PTL, which stood for “Praise the Lord,” aired from 1974 to 1987 and was the flagship program of the Bakkers’ Heritage USA ministry, a 2,300-acre complex south of Charlotte, N.C., designed for vacations and Christian living.
The ministry — which included a hotel, campground and theme park — collapsed in 1987 when Jim Bakker went to prison for fraud. The Bakkers divorced in 1992, and the following year Tammy Faye Bakker married Roe Messner, a longtime family friend and contractor at Heritage USA. Tammy Faye Messner died in 2007 from colon cancer.
After the PTL ministry collapsed, the 15,069 hourlong tapes were passed to a Charlotte-area church, then a cable content provider, Gospel Properties President Ben Dyer told the AP.

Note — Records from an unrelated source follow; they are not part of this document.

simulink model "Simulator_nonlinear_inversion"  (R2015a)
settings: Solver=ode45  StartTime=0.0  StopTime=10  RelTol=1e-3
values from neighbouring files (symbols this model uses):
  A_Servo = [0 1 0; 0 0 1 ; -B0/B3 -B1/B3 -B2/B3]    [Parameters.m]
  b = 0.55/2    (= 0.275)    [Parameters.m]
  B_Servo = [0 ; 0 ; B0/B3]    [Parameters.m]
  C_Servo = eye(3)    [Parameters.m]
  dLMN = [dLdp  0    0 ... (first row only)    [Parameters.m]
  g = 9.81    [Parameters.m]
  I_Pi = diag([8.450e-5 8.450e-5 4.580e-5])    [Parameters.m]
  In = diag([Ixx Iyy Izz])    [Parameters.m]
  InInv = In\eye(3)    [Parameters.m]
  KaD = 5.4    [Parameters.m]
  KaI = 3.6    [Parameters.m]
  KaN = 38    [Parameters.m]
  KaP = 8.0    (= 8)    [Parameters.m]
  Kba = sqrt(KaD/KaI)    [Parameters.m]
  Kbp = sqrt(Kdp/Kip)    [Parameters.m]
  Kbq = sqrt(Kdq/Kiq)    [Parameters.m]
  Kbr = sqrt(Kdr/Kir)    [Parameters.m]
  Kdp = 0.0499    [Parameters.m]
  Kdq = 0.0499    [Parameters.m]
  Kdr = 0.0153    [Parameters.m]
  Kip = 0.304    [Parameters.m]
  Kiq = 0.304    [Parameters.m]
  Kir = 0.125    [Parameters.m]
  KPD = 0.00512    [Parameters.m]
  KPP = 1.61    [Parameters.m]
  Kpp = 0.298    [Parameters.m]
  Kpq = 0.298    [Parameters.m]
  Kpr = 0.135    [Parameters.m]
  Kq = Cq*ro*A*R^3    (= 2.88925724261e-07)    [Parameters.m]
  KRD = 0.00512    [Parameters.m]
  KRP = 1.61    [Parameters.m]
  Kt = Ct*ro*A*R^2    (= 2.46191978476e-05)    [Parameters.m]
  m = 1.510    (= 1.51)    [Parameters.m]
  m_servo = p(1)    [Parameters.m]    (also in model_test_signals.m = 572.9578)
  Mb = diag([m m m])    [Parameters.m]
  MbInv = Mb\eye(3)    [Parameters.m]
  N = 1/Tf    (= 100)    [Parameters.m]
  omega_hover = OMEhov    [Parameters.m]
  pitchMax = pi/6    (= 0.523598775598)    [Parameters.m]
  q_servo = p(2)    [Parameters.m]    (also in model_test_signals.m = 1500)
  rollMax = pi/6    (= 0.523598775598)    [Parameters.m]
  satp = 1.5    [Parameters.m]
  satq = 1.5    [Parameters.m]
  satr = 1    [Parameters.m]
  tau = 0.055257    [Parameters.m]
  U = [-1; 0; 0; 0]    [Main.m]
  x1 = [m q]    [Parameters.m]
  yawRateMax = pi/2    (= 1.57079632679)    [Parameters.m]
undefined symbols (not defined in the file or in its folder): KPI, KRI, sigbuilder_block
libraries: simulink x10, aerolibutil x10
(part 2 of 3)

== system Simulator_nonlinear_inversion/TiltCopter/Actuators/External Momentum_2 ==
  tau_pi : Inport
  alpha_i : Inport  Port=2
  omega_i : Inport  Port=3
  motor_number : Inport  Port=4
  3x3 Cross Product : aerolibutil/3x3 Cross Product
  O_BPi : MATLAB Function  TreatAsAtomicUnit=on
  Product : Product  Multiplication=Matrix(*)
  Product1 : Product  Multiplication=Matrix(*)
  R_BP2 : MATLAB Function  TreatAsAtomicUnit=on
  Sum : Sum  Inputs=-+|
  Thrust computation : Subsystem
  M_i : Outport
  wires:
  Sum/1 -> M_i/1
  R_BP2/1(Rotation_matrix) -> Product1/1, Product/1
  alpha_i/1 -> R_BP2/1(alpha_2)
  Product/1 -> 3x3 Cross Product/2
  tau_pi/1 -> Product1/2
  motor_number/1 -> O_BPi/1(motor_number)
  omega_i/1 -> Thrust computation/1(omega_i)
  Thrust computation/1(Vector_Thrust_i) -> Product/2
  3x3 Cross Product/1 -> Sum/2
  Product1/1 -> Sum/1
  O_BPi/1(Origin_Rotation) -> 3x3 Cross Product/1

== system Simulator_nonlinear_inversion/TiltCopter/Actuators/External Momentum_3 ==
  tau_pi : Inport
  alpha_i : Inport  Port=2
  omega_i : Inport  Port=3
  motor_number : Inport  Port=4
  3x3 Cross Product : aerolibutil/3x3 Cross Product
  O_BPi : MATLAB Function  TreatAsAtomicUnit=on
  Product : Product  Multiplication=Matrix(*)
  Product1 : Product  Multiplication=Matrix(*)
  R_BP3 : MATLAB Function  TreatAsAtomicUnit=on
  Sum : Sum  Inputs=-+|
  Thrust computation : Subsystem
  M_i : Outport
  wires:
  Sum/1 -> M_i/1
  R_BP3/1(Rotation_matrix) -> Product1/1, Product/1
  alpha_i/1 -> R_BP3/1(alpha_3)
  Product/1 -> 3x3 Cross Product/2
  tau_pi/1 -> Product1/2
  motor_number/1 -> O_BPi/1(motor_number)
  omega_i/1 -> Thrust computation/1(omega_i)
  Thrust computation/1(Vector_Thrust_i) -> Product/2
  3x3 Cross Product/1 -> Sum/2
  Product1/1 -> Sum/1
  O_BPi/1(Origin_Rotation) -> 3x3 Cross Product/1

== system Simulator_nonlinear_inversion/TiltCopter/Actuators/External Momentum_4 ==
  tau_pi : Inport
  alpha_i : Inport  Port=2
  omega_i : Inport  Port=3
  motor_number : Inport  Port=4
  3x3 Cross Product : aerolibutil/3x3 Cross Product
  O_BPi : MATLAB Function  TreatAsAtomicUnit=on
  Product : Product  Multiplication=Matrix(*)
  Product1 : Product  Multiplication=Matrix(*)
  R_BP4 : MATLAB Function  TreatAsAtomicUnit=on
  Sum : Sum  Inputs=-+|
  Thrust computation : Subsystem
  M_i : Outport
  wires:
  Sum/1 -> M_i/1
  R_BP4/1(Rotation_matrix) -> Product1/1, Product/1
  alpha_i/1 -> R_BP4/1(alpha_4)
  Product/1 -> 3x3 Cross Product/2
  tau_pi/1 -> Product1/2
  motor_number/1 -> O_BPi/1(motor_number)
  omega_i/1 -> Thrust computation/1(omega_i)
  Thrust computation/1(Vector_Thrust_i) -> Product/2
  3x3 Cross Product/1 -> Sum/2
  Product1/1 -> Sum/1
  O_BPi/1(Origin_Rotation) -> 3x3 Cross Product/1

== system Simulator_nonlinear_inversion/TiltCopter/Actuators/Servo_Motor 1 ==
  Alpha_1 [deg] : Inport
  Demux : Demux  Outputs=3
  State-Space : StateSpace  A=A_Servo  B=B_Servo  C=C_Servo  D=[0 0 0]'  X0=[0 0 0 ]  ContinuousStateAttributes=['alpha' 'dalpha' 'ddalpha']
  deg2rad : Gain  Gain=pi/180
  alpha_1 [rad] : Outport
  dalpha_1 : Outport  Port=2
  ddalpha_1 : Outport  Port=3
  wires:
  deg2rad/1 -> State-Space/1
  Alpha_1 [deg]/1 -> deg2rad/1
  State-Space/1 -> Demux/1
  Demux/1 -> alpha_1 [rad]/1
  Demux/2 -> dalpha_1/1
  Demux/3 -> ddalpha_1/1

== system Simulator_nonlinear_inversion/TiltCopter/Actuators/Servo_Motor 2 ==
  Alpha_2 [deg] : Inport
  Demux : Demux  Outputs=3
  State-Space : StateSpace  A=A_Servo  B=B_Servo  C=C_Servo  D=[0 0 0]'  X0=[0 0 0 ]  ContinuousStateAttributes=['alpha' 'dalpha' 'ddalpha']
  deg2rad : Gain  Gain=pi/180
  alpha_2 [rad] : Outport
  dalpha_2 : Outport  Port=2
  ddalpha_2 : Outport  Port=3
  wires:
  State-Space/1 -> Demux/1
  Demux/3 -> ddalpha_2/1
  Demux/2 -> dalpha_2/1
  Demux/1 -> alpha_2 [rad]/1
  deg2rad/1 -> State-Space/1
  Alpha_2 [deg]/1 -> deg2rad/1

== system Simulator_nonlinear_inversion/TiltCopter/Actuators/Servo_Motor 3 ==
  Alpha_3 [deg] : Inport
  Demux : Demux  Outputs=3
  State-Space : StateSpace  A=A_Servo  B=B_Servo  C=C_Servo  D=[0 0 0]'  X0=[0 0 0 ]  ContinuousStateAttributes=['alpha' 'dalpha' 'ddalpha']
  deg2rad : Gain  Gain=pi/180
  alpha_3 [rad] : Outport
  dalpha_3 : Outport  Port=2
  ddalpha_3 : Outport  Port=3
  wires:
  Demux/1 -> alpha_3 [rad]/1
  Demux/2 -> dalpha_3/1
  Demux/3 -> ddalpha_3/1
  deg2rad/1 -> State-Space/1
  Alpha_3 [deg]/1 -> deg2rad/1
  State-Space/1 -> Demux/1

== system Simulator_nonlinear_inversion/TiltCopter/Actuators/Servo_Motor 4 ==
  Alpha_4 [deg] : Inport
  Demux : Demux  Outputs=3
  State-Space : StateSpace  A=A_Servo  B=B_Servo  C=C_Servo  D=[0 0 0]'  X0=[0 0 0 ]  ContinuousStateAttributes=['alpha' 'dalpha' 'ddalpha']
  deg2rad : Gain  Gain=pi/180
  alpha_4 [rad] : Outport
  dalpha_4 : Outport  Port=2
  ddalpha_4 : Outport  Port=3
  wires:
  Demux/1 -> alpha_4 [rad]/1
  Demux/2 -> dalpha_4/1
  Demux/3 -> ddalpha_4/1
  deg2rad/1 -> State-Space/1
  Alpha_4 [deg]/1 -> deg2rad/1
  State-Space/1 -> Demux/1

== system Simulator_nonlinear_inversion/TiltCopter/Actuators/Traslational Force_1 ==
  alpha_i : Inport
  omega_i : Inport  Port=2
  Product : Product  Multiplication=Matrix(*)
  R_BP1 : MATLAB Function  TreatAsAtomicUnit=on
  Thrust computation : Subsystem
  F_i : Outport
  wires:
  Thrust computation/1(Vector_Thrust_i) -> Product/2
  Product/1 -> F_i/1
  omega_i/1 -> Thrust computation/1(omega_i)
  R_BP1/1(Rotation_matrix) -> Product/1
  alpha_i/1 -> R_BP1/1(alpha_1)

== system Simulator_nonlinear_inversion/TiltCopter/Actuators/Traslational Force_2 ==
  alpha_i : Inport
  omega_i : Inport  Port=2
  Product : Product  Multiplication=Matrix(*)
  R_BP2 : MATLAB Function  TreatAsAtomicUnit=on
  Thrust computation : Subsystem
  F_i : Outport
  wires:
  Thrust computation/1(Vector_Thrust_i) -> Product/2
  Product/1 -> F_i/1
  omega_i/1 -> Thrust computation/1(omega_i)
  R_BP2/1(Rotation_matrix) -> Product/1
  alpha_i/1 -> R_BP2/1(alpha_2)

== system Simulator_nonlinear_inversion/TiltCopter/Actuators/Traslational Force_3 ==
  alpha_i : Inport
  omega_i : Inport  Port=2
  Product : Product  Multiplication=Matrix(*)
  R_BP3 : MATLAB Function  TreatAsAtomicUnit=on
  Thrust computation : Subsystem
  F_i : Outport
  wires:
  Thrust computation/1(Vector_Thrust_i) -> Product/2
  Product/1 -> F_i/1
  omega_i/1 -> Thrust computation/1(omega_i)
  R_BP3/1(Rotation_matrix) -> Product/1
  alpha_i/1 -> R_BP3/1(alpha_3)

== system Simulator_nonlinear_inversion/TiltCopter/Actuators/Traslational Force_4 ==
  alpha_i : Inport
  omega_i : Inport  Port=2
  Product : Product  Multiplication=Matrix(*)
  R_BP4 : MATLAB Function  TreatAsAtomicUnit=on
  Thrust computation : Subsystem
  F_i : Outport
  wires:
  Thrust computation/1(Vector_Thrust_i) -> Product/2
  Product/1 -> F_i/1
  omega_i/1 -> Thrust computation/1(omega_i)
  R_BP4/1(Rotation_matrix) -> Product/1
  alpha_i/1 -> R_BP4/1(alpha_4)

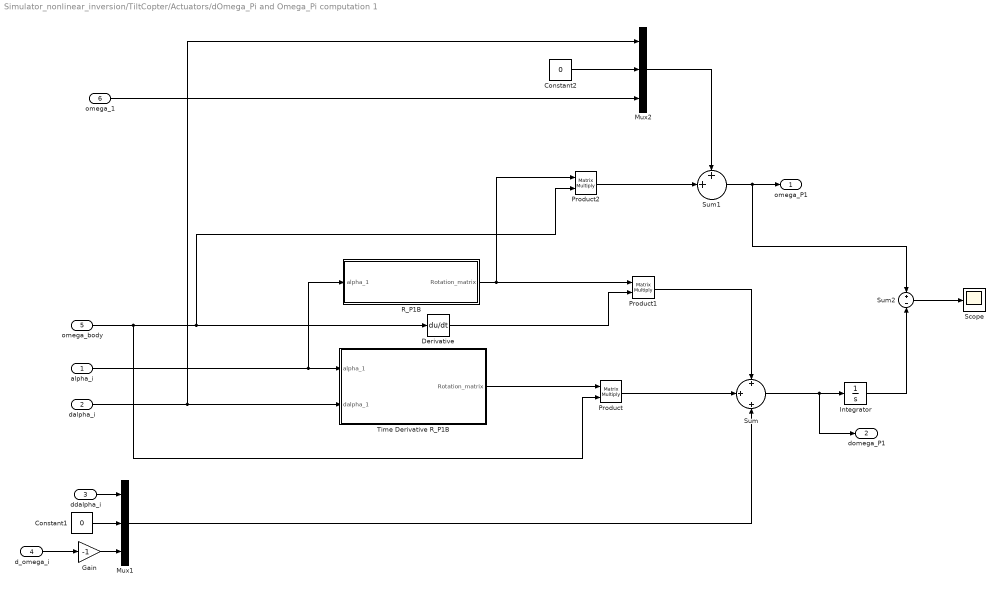
== system Simulator_nonlinear_inversion/TiltCopter/Actuators/dOmega_Pi and Omega_Pi computation 1 ==
  alpha_i : Inport
  dalpha_i : Inport  Port=2
  ddalpha_i : Inport  Port=3
  d_omega_i : Inport  Port=4
  omega_body : Inport  Port=5
  omega_1 : Inport  Port=6
  Constant1 : Constant  Value=0
  Constant2 : Constant  Value=0
  Derivative : Derivative
  Gain : Gain  Gain=-1
  Integrator : Integrator
  Mux1 : Mux  Inputs=3
  Mux2 : Mux  Inputs=3
  Product : Product  Multiplication=Matrix(*)
  Product1 : Product  Multiplication=Matrix(*)
  Product2 : Product  Multiplication=Matrix(*)
  R_P1B : MATLAB Function  TreatAsAtomicUnit=on
  Scope : Scope
      settings: ShowLegends=on  YMin=-10  YMax=10  SaveName=ScopeData29
  Sum : Sum  Inputs=+|+|+
  Sum1 : Sum  Inputs=++|
  Sum2 : Sum  Inputs=+-
  Time Derivative R_P1B : MATLAB Function  TreatAsAtomicUnit=on
  omega_P1 : Outport
  domega_P1 : Outport  Port=2
  wires:
  Derivative/1 -> Product1/2
  Product/1 -> Sum/2
  Time Derivative R_P1B/1(Rotation_matrix) -> Product/1
  Constant1/1 -> Mux1/2
  omega_body/1 -> Product/2, Product2/2, Derivative/1
  dalpha_i/1 -> Mux2/1, Time Derivative R_P1B/2(dalpha_1)
  alpha_i/1 -> R_P1B/1(alpha_1), Time Derivative R_P1B/1(alpha_1)
  R_P1B/1(Rotation_matrix) -> Product2/1, Product1/1
  Sum/1 -> domega_P1/1, Integrator/1
  Product1/1 -> Sum/1
  Mux1/1 -> Sum/3
  ddalpha_i/1 -> Mux1/1
  Product2/1 -> Sum1/2
  Constant2/1 -> Mux2/2
  Mux2/1 -> Sum1/1
  Sum1/1 -> Sum2/1, omega_P1/1
  omega_1/1 -> Mux2/3
  d_omega_i/1 -> Gain/1
  Integrator/1 -> Sum2/2
  Sum2/1 -> Scope/1
  Gain/1 -> Mux1/3

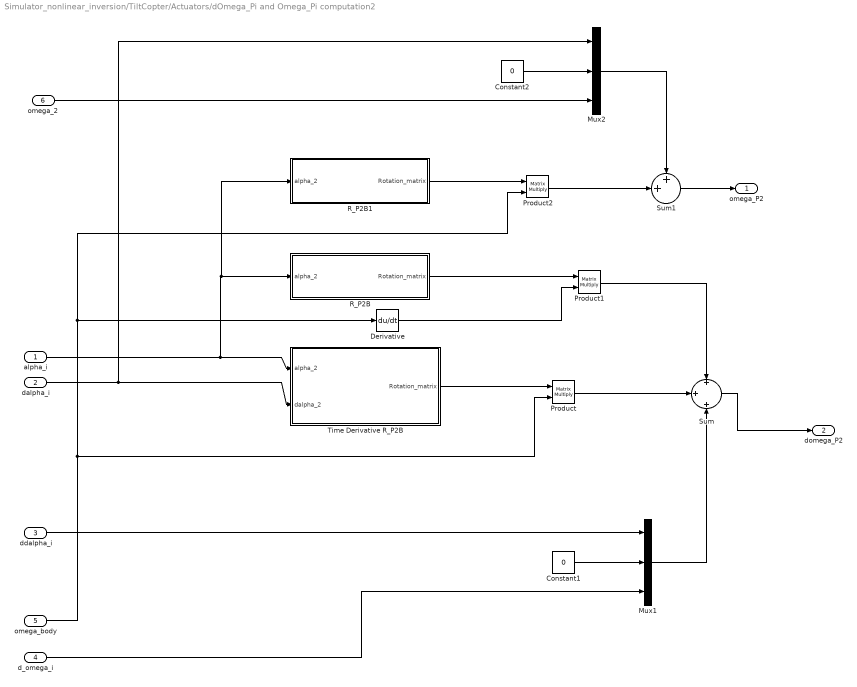
== system Simulator_nonlinear_inversion/TiltCopter/Actuators/dOmega_Pi and Omega_Pi computation2 ==
  alpha_i : Inport
  dalpha_i : Inport  Port=2
  ddalpha_i : Inport  Port=3
  d_omega_i : Inport  Port=4
  omega_body : Inport  Port=5
  omega_2 : Inport  Port=6
  Constant1 : Constant  Value=0
  Constant2 : Constant  Value=0
  Derivative : Derivative
  Mux1 : Mux  Inputs=3
  Mux2 : Mux  Inputs=3
  Product : Product  Multiplication=Matrix(*)
  Product1 : Product  Multiplication=Matrix(*)
  Product2 : Product  Multiplication=Matrix(*)
  R_P2B : MATLAB Function  TreatAsAtomicUnit=on
  R_P2B1 : MATLAB Function  TreatAsAtomicUnit=on
  Sum : Sum  Inputs=+|+|+
  Sum1 : Sum  Inputs=++|
  Time Derivative R_P2B : MATLAB Function  TreatAsAtomicUnit=on
  omega_P2 : Outport
  domega_P2 : Outport  Port=2
  wires:
  Derivative/1 -> Product1/2
  Product/1 -> Sum/2
  Time Derivative R_P2B/1(Rotation_matrix) -> Product/1
  Constant1/1 -> Mux1/2
  omega_body/1 -> Product/2, Product2/2, Derivative/1
  dalpha_i/1 -> Mux2/1, Time Derivative R_P2B/2(dalpha_2)
  alpha_i/1 -> R_P2B1/1(alpha_2), R_P2B/1(alpha_2), Time Derivative R_P2B/1(alpha_2)
  Sum/1 -> domega_P2/1
  Product1/1 -> Sum/1
  Mux1/1 -> Sum/3
  ddalpha_i/1 -> Mux1/1
  R_P2B/1(Rotation_matrix) -> Product1/1
  R_P2B1/1(Rotation_matrix) -> Product2/1
  Product2/1 -> Sum1/2
  Constant2/1 -> Mux2/2
  Mux2/1 -> Sum1/1
  Sum1/1 -> omega_P2/1
  d_omega_i/1 -> Mux1/3
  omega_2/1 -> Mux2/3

Dyer, an investment banker, acquired the tapes when the cable provider defaulted on a loan from his company. He plans to auction them off in San Francisco on March 27.
A spokeswoman for Jim Bakker, who now lives in Branson, Mo., and hosts The New Jim Bakker Show with his wife, Lori, told the AP that Bakker considers the tapes part of his legacy. He said they have been appraised at around $8 million.
Dean Becker, vice chairman of Ocean Tomo, the Chicago-based bank handling the auction, said the tapes offer enough content to create a channel showing The PTL Club exclusively.
Dyer noted that the audience already knows PTL’s history. “People can watch these shows knowing how their story ended,” he said. “It makes them even more intriguing to watch.”
Dyer told the Charlotte Observer that there are several interested bidders in the tapes.